IMO, $2100-2000 is a fair price for entry level FF body, so pricing is not an issue for me - it is acceptable as announced. My concern is IQ and AF performance. I already know that the shutter is crap and the sync speed is poor. The GPS and WiFi is fine, but frankly I could care less. So if IQ is out of this world and AF is reliable, I might consider getting it regardless of the price (MSRP or lower). If IQ and AF are crap (and we already know about the rest) or not on par with competition, then I'm not going to buy this cam even if it will be a thousand bucks new. Its not like there is nothing to consider on today's market. The way Canon is building its product line these days, i am seriously considering buying a second non-Canon system.

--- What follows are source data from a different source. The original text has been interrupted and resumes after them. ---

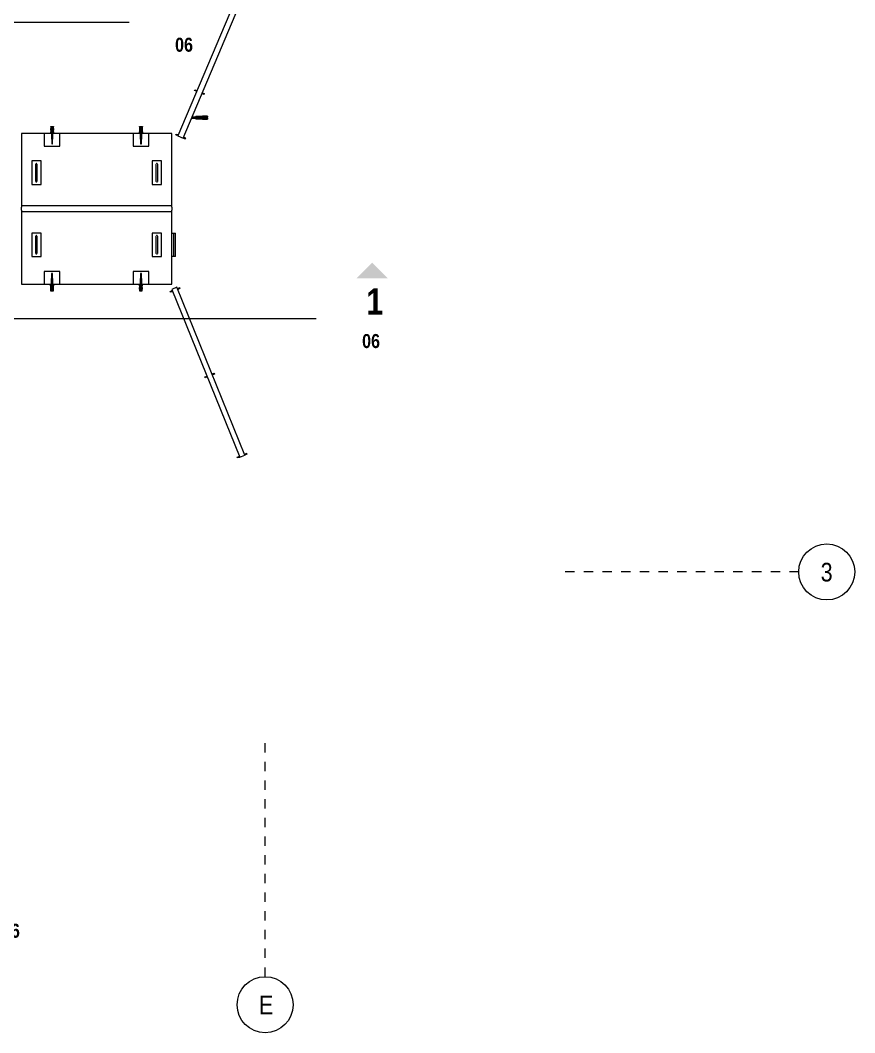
# Model space of a CAD drawing. Header units: metres. Extents: x -3 to 175, y -5 to 18.
# Drawn here: x 125.87 to 134.81, y -4.88 to 5.95 of the extents above; entities that cross this region are included whole.
import ezdxf

# ---------------------------------------------------------------- set-up
doc = ezdxf.new("R2010")
doc.units = ezdxf.units.M
doc.linetypes.add('Grid Line', pattern=[0.022225, 0.0127, -0.003175, 0.003175, -0.003175])
for name, color, linetype, lineweight in [('A-FLOR-HRAL', 7, 'Continuous', 9), ('A-GENM', 7, 'Continuous', 9), ('G-ANNO-SYMB', 7, 'Continuous', 9), ('S-GRID', 7, 'Continuous', 9), ('S-GRID-IDEN', 7, 'Continuous', 9)]:
    doc.layers.add(name, color=color, linetype=linetype, lineweight=lineweight)
doc.styles.add('Saira Condensed', font='SairaCondensed-Regular.ttf', dxfattribs={"height": 0.2})
doc.styles.add('Saira Condensed_B', font='', dxfattribs={"height": 0.15})
doc.styles.add('Saira Condensed_B_1', font='', dxfattribs={"height": 0.28})
doc.styles.get('Saira Condensed_B').set_extended_font_data('Saira Condensed', bold=True)
doc.styles.get('Saira Condensed_B_1').set_extended_font_data('Saira Condensed', bold=True)

# ---------------------------------------------------------------- blocks, each defined once
blk = doc.blocks.new('Railing - 50 x 12mm-V211-N-Hab-01')
at = {"layer": 'A-FLOR-HRAL'}
for p, q in [((-0.054, -0.002), (-0.037, -0.002)), ((-0.054, -0.012), (-0.054, -0.002)), ((-0.037, -0.012), (-0.054, -0.012)), ((-0.037, -0.002), (-0.03, -0.002)), ((-0.037, -0.012), (-0.037, -0.002)), ((-0.03, -0.012), (-0.037, -0.012)), ((0.03, -0.002), (0.053, -0.002)), ((0.053, -0.012), (0.03, -0.012)), ((0.054, -0.002), (0.053, -0.002)), ((0.053, -0.002), (0.053, -0.012)), ((0.053, -0.012), (0.054, -0.012)), ((0.054, -0.012), (0.054, -0.002)), ((0.054, -0.012), (0.054, -0.002))]:
    blk.add_line(p, q, dxfattribs=at)
blk = doc.blocks.new('Railing - 50 x 12mm-V196-N-Hab-01')
at = {"layer": 'A-FLOR-HRAL'}
for p, q in [((-0.054, -0.002), (-0.037, -0.002)), ((-0.054, -0.012), (-0.054, -0.002)), ((-0.037, -0.012), (-0.054, -0.012)), ((-0.037, -0.002), (-0.03, -0.002)), ((-0.037, -0.012), (-0.037, -0.002)), ((-0.03, -0.012), (-0.037, -0.012)), ((0.03, -0.002), (0.053, -0.002)), ((0.053, -0.012), (0.03, -0.012)), ((0.054, -0.002), (0.053, -0.002)), ((0.053, -0.002), (0.053, -0.012)), ((0.053, -0.012), (0.054, -0.012)), ((0.054, -0.012), (0.054, -0.002)), ((0.054, -0.012), (0.054, -0.002))]:
    blk.add_line(p, q, dxfattribs=at)
blk = doc.blocks.new('Railing - Railing-2595934-N-Hab-01')
at = {"layer": 'A-FLOR-HRAL'}
for p, q in [((17.571, 6.121), (16.974, 4.715)), ((17.029, 4.691), (17.626, 6.098)), ((17.626, 6.098), (17.571, 6.121)), ((16.974, 4.715), (17.029, 4.691))]:
    blk.add_line(p, q, dxfattribs=at)
at = {"rotation": 336.9999999999996}
for name, p in [('Railing - 50 x 12mm-V211-N-Hab-01', (17.593, 6.098)), ('Railing - 50 x 12mm-V196-N-Hab-01', (17.207, 5.189)), ('Railing - 50 x 12mm-V196-N-Hab-01', (17.006, 4.715))]:
    blk.add_blockref(name, p, dxfattribs=at)
blk = doc.blocks.new('Railing - 50 x 12mm-V213-N-Hab-01')
at = {"layer": 'A-FLOR-HRAL'}
for p, q in [((-0.054, -0.002), (-0.037, -0.002)), ((-0.054, -0.012), (-0.054, -0.002)), ((-0.037, -0.012), (-0.054, -0.012)), ((-0.037, -0.002), (-0.03, -0.002)), ((-0.037, -0.012), (-0.037, -0.002)), ((-0.03, -0.012), (-0.037, -0.012)), ((0.03, -0.002), (0.053, -0.002)), ((0.053, -0.012), (0.03, -0.012)), ((0.054, -0.002), (0.053, -0.002)), ((0.053, -0.002), (0.053, -0.012)), ((0.053, -0.012), (0.054, -0.012)), ((0.054, -0.012), (0.054, -0.002)), ((0.054, -0.012), (0.054, -0.002))]:
    blk.add_line(p, q, dxfattribs=at)
blk = doc.blocks.new('Railing - 50 x 12mm-V194-N-Hab-01')
at = {"layer": 'A-FLOR-HRAL'}
for p, q in [((-0.054, -0.002), (-0.037, -0.002)), ((-0.054, -0.012), (-0.054, -0.002)), ((-0.037, -0.012), (-0.054, -0.012)), ((-0.037, -0.002), (-0.03, -0.002)), ((-0.037, -0.012), (-0.037, -0.002)), ((-0.03, -0.012), (-0.037, -0.012)), ((0.03, -0.002), (0.053, -0.002)), ((0.053, -0.012), (0.03, -0.012)), ((0.054, -0.002), (0.053, -0.002)), ((0.053, -0.002), (0.053, -0.012)), ((0.053, -0.012), (0.054, -0.012)), ((0.054, -0.012), (0.054, -0.002)), ((0.054, -0.012), (0.054, -0.002))]:
    blk.add_line(p, q, dxfattribs=at)
blk = doc.blocks.new('Railing - Railing-2596027-N-Hab-01')
at = {"layer": 'A-FLOR-HRAL'}
for p, q in [((16.963, 3.095), (16.908, 3.072)), ((16.908, 3.072), (17.636, 1.277)), ((17.692, 1.299), (16.963, 3.095)), ((17.636, 1.277), (17.692, 1.299))]:
    blk.add_line(p, q, dxfattribs=at)
at = {"rotation": 22.07949728898607}
for name, p in [('Railing - 50 x 12mm-V213-N-Hab-01', (16.94, 3.072)), ('Railing - 50 x 12mm-V194-N-Hab-01', (17.311, 2.157)), ('Railing - 50 x 12mm-V194-N-Hab-01', (17.659, 1.299))]:
    blk.add_blockref(name, p, dxfattribs=at)
blk = doc.blocks.new('M_Boca Acceso Tanque alimentación - M_Boca Acceso Tanque alimentación-2597547-N-Hab-01')
at = {"layer": 'A-GENM'}
for p, q in [((-0.031, 0.805), (-0.806, 0.805)), ((-0.806, 0.805), (-0.806, 0.561)), ((-0.031, 0.805), (-0.031, -0.805)), ((-0.015, 0.805), (-0.031, 0.805)), ((-0.015, 0.805), (0.015, 0.805)), ((0.031, 0.805), (0.015, 0.805)), ((0.031, -0.805), (0.031, 0.805)), ((0.806, 0.805), (0.031, 0.805)), ((0.806, 0.561), (0.806, 0.805)), ((-0.26, 0.695), (-0.511, 0.695)), ((-0.511, 0.695), (-0.511, 0.645)), ((-0.386, 0.655), (-0.443, 0.655)), ((-0.328, 0.655), (-0.386, 0.655)), ((-0.26, 0.645), (-0.26, 0.695)), ((0.26, 0.695), (0.26, 0.645)), ((0.511, 0.695), (0.26, 0.695)), ((0.386, 0.655), (0.328, 0.655)), ((0.443, 0.655), (0.386, 0.655)), ((0.511, 0.645), (0.511, 0.695)), ((-0.671, 0.561), (-0.806, 0.561)), ((-0.806, 0.561), (-0.806, 0.482)), ((-0.671, 0.393), (-0.671, 0.561)), ((-0.511, 0.645), (-0.511, 0.594)), ((-0.511, 0.594), (-0.26, 0.594)), ((-0.443, 0.635), (-0.386, 0.635)), ((-0.386, 0.635), (-0.328, 0.635)), ((-0.26, 0.594), (-0.26, 0.645)), ((0.26, 0.645), (0.26, 0.594)), ((0.26, 0.594), (0.511, 0.594)), ((0.328, 0.635), (0.386, 0.635)), ((0.386, 0.635), (0.443, 0.635)), ((0.511, 0.594), (0.511, 0.645)), ((0.671, 0.561), (0.671, 0.393)), ((0.806, 0.561), (0.671, 0.561)), ((0.806, 0.481), (0.806, 0.561)), ((-0.88, 0.492), (-0.878, 0.492)), ((-0.88, 0.482), (-0.88, 0.492)), ((-0.878, 0.482), (-0.88, 0.482)), ((-0.88, 0.472), (-0.878, 0.472)), ((-0.88, 0.462), (-0.88, 0.472)), ((-0.878, 0.462), (-0.88, 0.462)), ((-0.878, 0.492), (-0.878, 0.482)), ((-0.824, 0.492), (-0.878, 0.492)), ((-0.878, 0.492), (-0.878, 0.482)), ((-0.878, 0.482), (-0.878, 0.472)), ((-0.827, 0.482), (-0.878, 0.482)), ((-0.878, 0.472), (-0.827, 0.472)), ((-0.878, 0.472), (-0.878, 0.462)), ((-0.878, 0.472), (-0.878, 0.462)), ((-0.878, 0.462), (-0.824, 0.462)), ((-0.86, 0.494), (-0.86, 0.492)), ((-0.842, 0.494), (-0.86, 0.494)), ((-0.86, 0.462), (-0.86, 0.461)), ((-0.86, 0.461), (-0.842, 0.461)), ((-0.842, 0.492), (-0.842, 0.494)), ((-0.842, 0.461), (-0.842, 0.462)), ((-0.827, 0.482), (-0.746, 0.482)), ((-0.746, 0.472), (-0.827, 0.472)), ((-0.824, 0.482), (-0.824, 0.492)), ((-0.824, 0.492), (-0.806, 0.492)), ((-0.824, 0.462), (-0.824, 0.472)), ((-0.806, 0.462), (-0.824, 0.462)), ((-0.806, 0.472), (-0.806, 0.393)), ((-0.694, 0.482), (-0.746, 0.482)), ((-0.746, 0.472), (-0.694, 0.472)), ((-0.694, 0.472), (-0.694, 0.482)), ((0.694, 0.481), (0.694, 0.471)), ((0.746, 0.481), (0.694, 0.481)), ((0.694, 0.471), (0.746, 0.471)), ((0.746, 0.481), (0.827, 0.481)), ((0.827, 0.471), (0.746, 0.471)), ((0.806, 0.491), (0.824, 0.491)), ((0.806, 0.393), (0.806, 0.471)), ((0.824, 0.461), (0.806, 0.461)), ((0.824, 0.491), (0.824, 0.481)), ((0.878, 0.491), (0.824, 0.491)), ((0.824, 0.471), (0.824, 0.461)), ((0.824, 0.461), (0.878, 0.461)), ((0.878, 0.481), (0.827, 0.481)), ((0.827, 0.471), (0.878, 0.471)), ((0.842, 0.492), (0.842, 0.491)), ((0.86, 0.492), (0.842, 0.492)), ((0.842, 0.461), (0.842, 0.459)), ((0.842, 0.459), (0.86, 0.459)), ((0.86, 0.491), (0.86, 0.492)), ((0.86, 0.459), (0.86, 0.461)), ((0.878, 0.481), (0.878, 0.491)), ((0.878, 0.491), (0.88, 0.491)), ((0.878, 0.481), (0.878, 0.491)), ((0.878, 0.471), (0.878, 0.481)), ((0.88, 0.481), (0.878, 0.481)), ((0.878, 0.461), (0.878, 0.471)), ((0.878, 0.471), (0.88, 0.471)), ((0.878, 0.461), (0.878, 0.471)), ((0.88, 0.461), (0.878, 0.461)), ((0.88, 0.491), (0.88, 0.481)), ((0.88, 0.471), (0.88, 0.461)), ((-0.806, 0.393), (-0.806, -0.39)), ((-0.806, 0.393), (-0.671, 0.393)), ((0.671, 0.393), (0.806, 0.393)), ((0.806, -0.39), (0.806, 0.393)), ((-0.671, -0.39), (-0.806, -0.39)), ((-0.806, -0.39), (-0.806, -0.469)), ((-0.671, -0.558), (-0.671, -0.39)), ((0.671, -0.39), (0.671, -0.558)), ((0.806, -0.39), (0.671, -0.39)), ((0.806, -0.47), (0.806, -0.39)), ((-0.88, -0.459), (-0.878, -0.459)), ((-0.88, -0.469), (-0.88, -0.459)), ((-0.878, -0.469), (-0.88, -0.469)), ((-0.88, -0.479), (-0.878, -0.479)), ((-0.88, -0.489), (-0.88, -0.479)), ((-0.878, -0.489), (-0.88, -0.489)), ((-0.878, -0.459), (-0.878, -0.469)), ((-0.824, -0.459), (-0.878, -0.459)), ((-0.878, -0.459), (-0.878, -0.469)), ((-0.878, -0.469), (-0.878, -0.479)), ((-0.827, -0.469), (-0.878, -0.469)), ((-0.878, -0.479), (-0.827, -0.479)), ((-0.878, -0.479), (-0.878, -0.489)), ((-0.878, -0.479), (-0.878, -0.489)), ((-0.878, -0.489), (-0.824, -0.489)), ((-0.86, -0.457), (-0.86, -0.459)), ((-0.842, -0.457), (-0.86, -0.457)), ((-0.86, -0.489), (-0.86, -0.49)), ((-0.86, -0.49), (-0.842, -0.49)), ((-0.842, -0.459), (-0.842, -0.457)), ((-0.842, -0.49), (-0.842, -0.489)), ((-0.827, -0.469), (-0.746, -0.469)), ((-0.746, -0.479), (-0.827, -0.479)), ((-0.824, -0.469), (-0.824, -0.459)), ((-0.824, -0.459), (-0.806, -0.459)), ((-0.824, -0.489), (-0.824, -0.479)), ((-0.806, -0.489), (-0.824, -0.489)), ((-0.806, -0.479), (-0.806, -0.558)), ((-0.694, -0.469), (-0.746, -0.469)), ((-0.746, -0.479), (-0.694, -0.479)), ((-0.694, -0.479), (-0.694, -0.469)), ((0.694, -0.47), (0.694, -0.48)), ((0.746, -0.47), (0.694, -0.47)), ((0.694, -0.48), (0.746, -0.48)), ((0.746, -0.47), (0.827, -0.47)), ((0.827, -0.48), (0.746, -0.48)), ((0.806, -0.46), (0.824, -0.46)), ((0.806, -0.558), (0.806, -0.48)), ((0.824, -0.49), (0.806, -0.49)), ((0.824, -0.46), (0.824, -0.47)), ((0.878, -0.46), (0.824, -0.46)), ((0.824, -0.48), (0.824, -0.49)), ((0.824, -0.49), (0.878, -0.49)), ((0.878, -0.47), (0.827, -0.47)), ((0.827, -0.48), (0.878, -0.48)), ((0.842, -0.459), (0.842, -0.46)), ((0.86, -0.459), (0.842, -0.459)), ((0.842, -0.49), (0.842, -0.492)), ((0.842, -0.492), (0.86, -0.492)), ((0.86, -0.46), (0.86, -0.459)), ((0.86, -0.492), (0.86, -0.49)), ((0.878, -0.47), (0.878, -0.46)), ((0.878, -0.46), (0.88, -0.46)), ((0.878, -0.47), (0.878, -0.46)), ((0.878, -0.48), (0.878, -0.47)), ((0.88, -0.47), (0.878, -0.47)), ((0.878, -0.49), (0.878, -0.48)), ((0.878, -0.48), (0.88, -0.48)), ((0.878, -0.49), (0.878, -0.48)), ((0.88, -0.49), (0.878, -0.49)), ((0.88, -0.46), (0.88, -0.47)), ((0.88, -0.48), (0.88, -0.49)), ((-0.806, -0.558), (-0.806, -0.805)), ((-0.806, -0.558), (-0.671, -0.558)), ((-0.26, -0.594), (-0.511, -0.594)), ((-0.511, -0.594), (-0.511, -0.645)), ((-0.511, -0.645), (-0.511, -0.695)), ((-0.386, -0.635), (-0.443, -0.635)), ((-0.328, -0.635), (-0.386, -0.635)), ((-0.26, -0.645), (-0.26, -0.594)), ((-0.26, -0.695), (-0.26, -0.645)), ((0.511, -0.594), (0.26, -0.594)), ((0.26, -0.594), (0.26, -0.645)), ((0.26, -0.645), (0.26, -0.695)), ((0.386, -0.635), (0.328, -0.635)), ((0.443, -0.635), (0.386, -0.635)), ((0.511, -0.645), (0.511, -0.594)), ((0.511, -0.695), (0.511, -0.645)), ((0.671, -0.558), (0.806, -0.558)), ((0.806, -0.805), (0.806, -0.558)), ((-0.511, -0.695), (-0.26, -0.695)), ((-0.443, -0.655), (-0.386, -0.655)), ((-0.386, -0.655), (-0.328, -0.655)), ((0.26, -0.695), (0.511, -0.695)), ((0.328, -0.655), (0.386, -0.655)), ((0.386, -0.655), (0.443, -0.655)), ((-0.806, -0.805), (-0.031, -0.805)), ((-0.511, -0.825), (-0.511, -0.805)), ((-0.511, -0.843), (-0.511, -0.825)), ((-0.511, -0.825), (-0.26, -0.825)), ((-0.511, -0.843), (-0.26, -0.843)), ((-0.26, -0.805), (-0.26, -0.825)), ((-0.26, -0.825), (-0.26, -0.843)), ((-0.031, -0.805), (-0.015, -0.805)), ((0.015, -0.805), (-0.015, -0.805)), ((0.015, -0.805), (0.031, -0.805)), ((0.031, -0.805), (0.806, -0.805))]:
    blk.add_line(p, q, dxfattribs=at)
at = {"layer": 'A-GENM', "flags": 128}
for points in [[(-0.443, 0.655), (-0.445, 0.655), (-0.446, 0.655), (-0.447, 0.655), (-0.448, 0.655), (-0.449, 0.655), (-0.45, 0.655), (-0.452, 0.655), (-0.453, 0.655), (-0.454, 0.655), (-0.455, 0.655), (-0.456, 0.655), (-0.457, 0.655), (-0.458, 0.655), (-0.459, 0.655), (-0.46, 0.655), (-0.461, 0.655), (-0.462, 0.655), (-0.463, 0.655), (-0.464, 0.655), (-0.465, 0.655), (-0.466, 0.655), (-0.466, 0.655), (-0.467, 0.655), (-0.468, 0.655), (-0.469, 0.655), (-0.469, 0.655), (-0.47, 0.655), (-0.47, 0.655), (-0.471, 0.655), (-0.471, 0.655), (-0.472, 0.655), (-0.472, 0.655), (-0.472, 0.655), (-0.473, 0.655), (-0.473, 0.655), (-0.473, 0.655), (-0.473, 0.655), (-0.473, 0.655), (-0.473, 0.655)], [(-0.298, 0.655), (-0.298, 0.655), (-0.298, 0.655), (-0.298, 0.655), (-0.298, 0.655), (-0.298, 0.655), (-0.299, 0.655), (-0.299, 0.655), (-0.299, 0.655), (-0.3, 0.655), (-0.3, 0.655), (-0.301, 0.655), (-0.301, 0.655), (-0.302, 0.655), (-0.302, 0.655), (-0.303, 0.655), (-0.304, 0.655), (-0.304, 0.655), (-0.305, 0.655), (-0.306, 0.655), (-0.307, 0.655), (-0.308, 0.655), (-0.309, 0.655), (-0.309, 0.655), (-0.31, 0.655), (-0.311, 0.655), (-0.312, 0.655), (-0.314, 0.655), (-0.315, 0.655), (-0.316, 0.655), (-0.317, 0.655), (-0.318, 0.655), (-0.319, 0.655), (-0.32, 0.655), (-0.321, 0.655), (-0.323, 0.655), (-0.324, 0.655), (-0.325, 0.655), (-0.326, 0.655), (-0.327, 0.655), (-0.328, 0.655)], [(0.328, 0.655), (0.326, 0.655), (0.325, 0.655), (0.324, 0.655), (0.323, 0.655), (0.322, 0.655), (0.321, 0.655), (0.319, 0.655), (0.318, 0.655), (0.317, 0.655), (0.316, 0.655), (0.315, 0.655), (0.314, 0.655), (0.313, 0.655), (0.312, 0.655), (0.311, 0.655), (0.31, 0.655), (0.309, 0.655), (0.308, 0.655), (0.307, 0.655), (0.306, 0.655), (0.305, 0.655), (0.305, 0.655), (0.304, 0.655), (0.303, 0.655), (0.302, 0.655), (0.302, 0.655), (0.301, 0.655), (0.301, 0.655), (0.3, 0.655), (0.3, 0.655), (0.299, 0.655), (0.299, 0.655), (0.299, 0.655), (0.298, 0.655), (0.298, 0.655), (0.298, 0.655), (0.298, 0.655), (0.298, 0.655), (0.298, 0.655)], [(0.473, 0.655), (0.473, 0.655), (0.473, 0.655), (0.473, 0.655), (0.473, 0.655), (0.473, 0.655), (0.472, 0.655), (0.472, 0.655), (0.472, 0.655), (0.471, 0.655), (0.471, 0.655), (0.47, 0.655), (0.47, 0.655), (0.469, 0.655), (0.469, 0.655), (0.468, 0.655), (0.467, 0.655), (0.467, 0.655), (0.466, 0.655), (0.465, 0.655), (0.464, 0.655), (0.463, 0.655), (0.462, 0.655), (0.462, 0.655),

All these morons needed to do was to place a modern AF system into MKII. Instead they decided to produce a crippled Rebel with FF sensor and some built in gadgets which have nothing to do with IQ. What was Canon thinking?


----------



## matukas (Sep 18, 2012)

Most times when I shoot with my camera, I'm using center point only (sometimes expanded). But it's high-end FF model.
With Canon I started with EOS 50 (film) camera and stopped with it in around 2002. It has 3 AF points. After that have using point&shoot weatherproof Olympus and Panasonic. Recently started again with EOS, but this time digital FF, and don't care is it 9, 11, 19, 45 or 63 AF points. If it's more than 3, it's ok


----------



## Bosman (Sep 18, 2012)

ablearcher said:


> IMO, $2100-2000 is a fair price for entry level FF body, so pricing is not an issue for me - it is acceptable as announced. My concern is IQ and AF performance. I already know that the shutter is crap and the sync speed is poor. The GPS and WiFi is fine, but frankly I could care less. So if IQ is out of this world and AF is reliable, I might consider getting it regardless of the price (MSRP or lower). If IQ and AF are crap (and we already know about the rest) or not on par with competition, then I'm not going to buy this cam even if it will be a thousand bucks new. Its not like there is nothing to consider on today's market. The way Canon is building its product line these days, i am seriously considering buying a second non-Canon system.
> 
> All these morons needed to do was to place a modern AF system into MKII. Instead they decided to produce a crippled Rebel with FF sensor and some built in gadgets which have nothing to do with IQ. What was Canon thinking?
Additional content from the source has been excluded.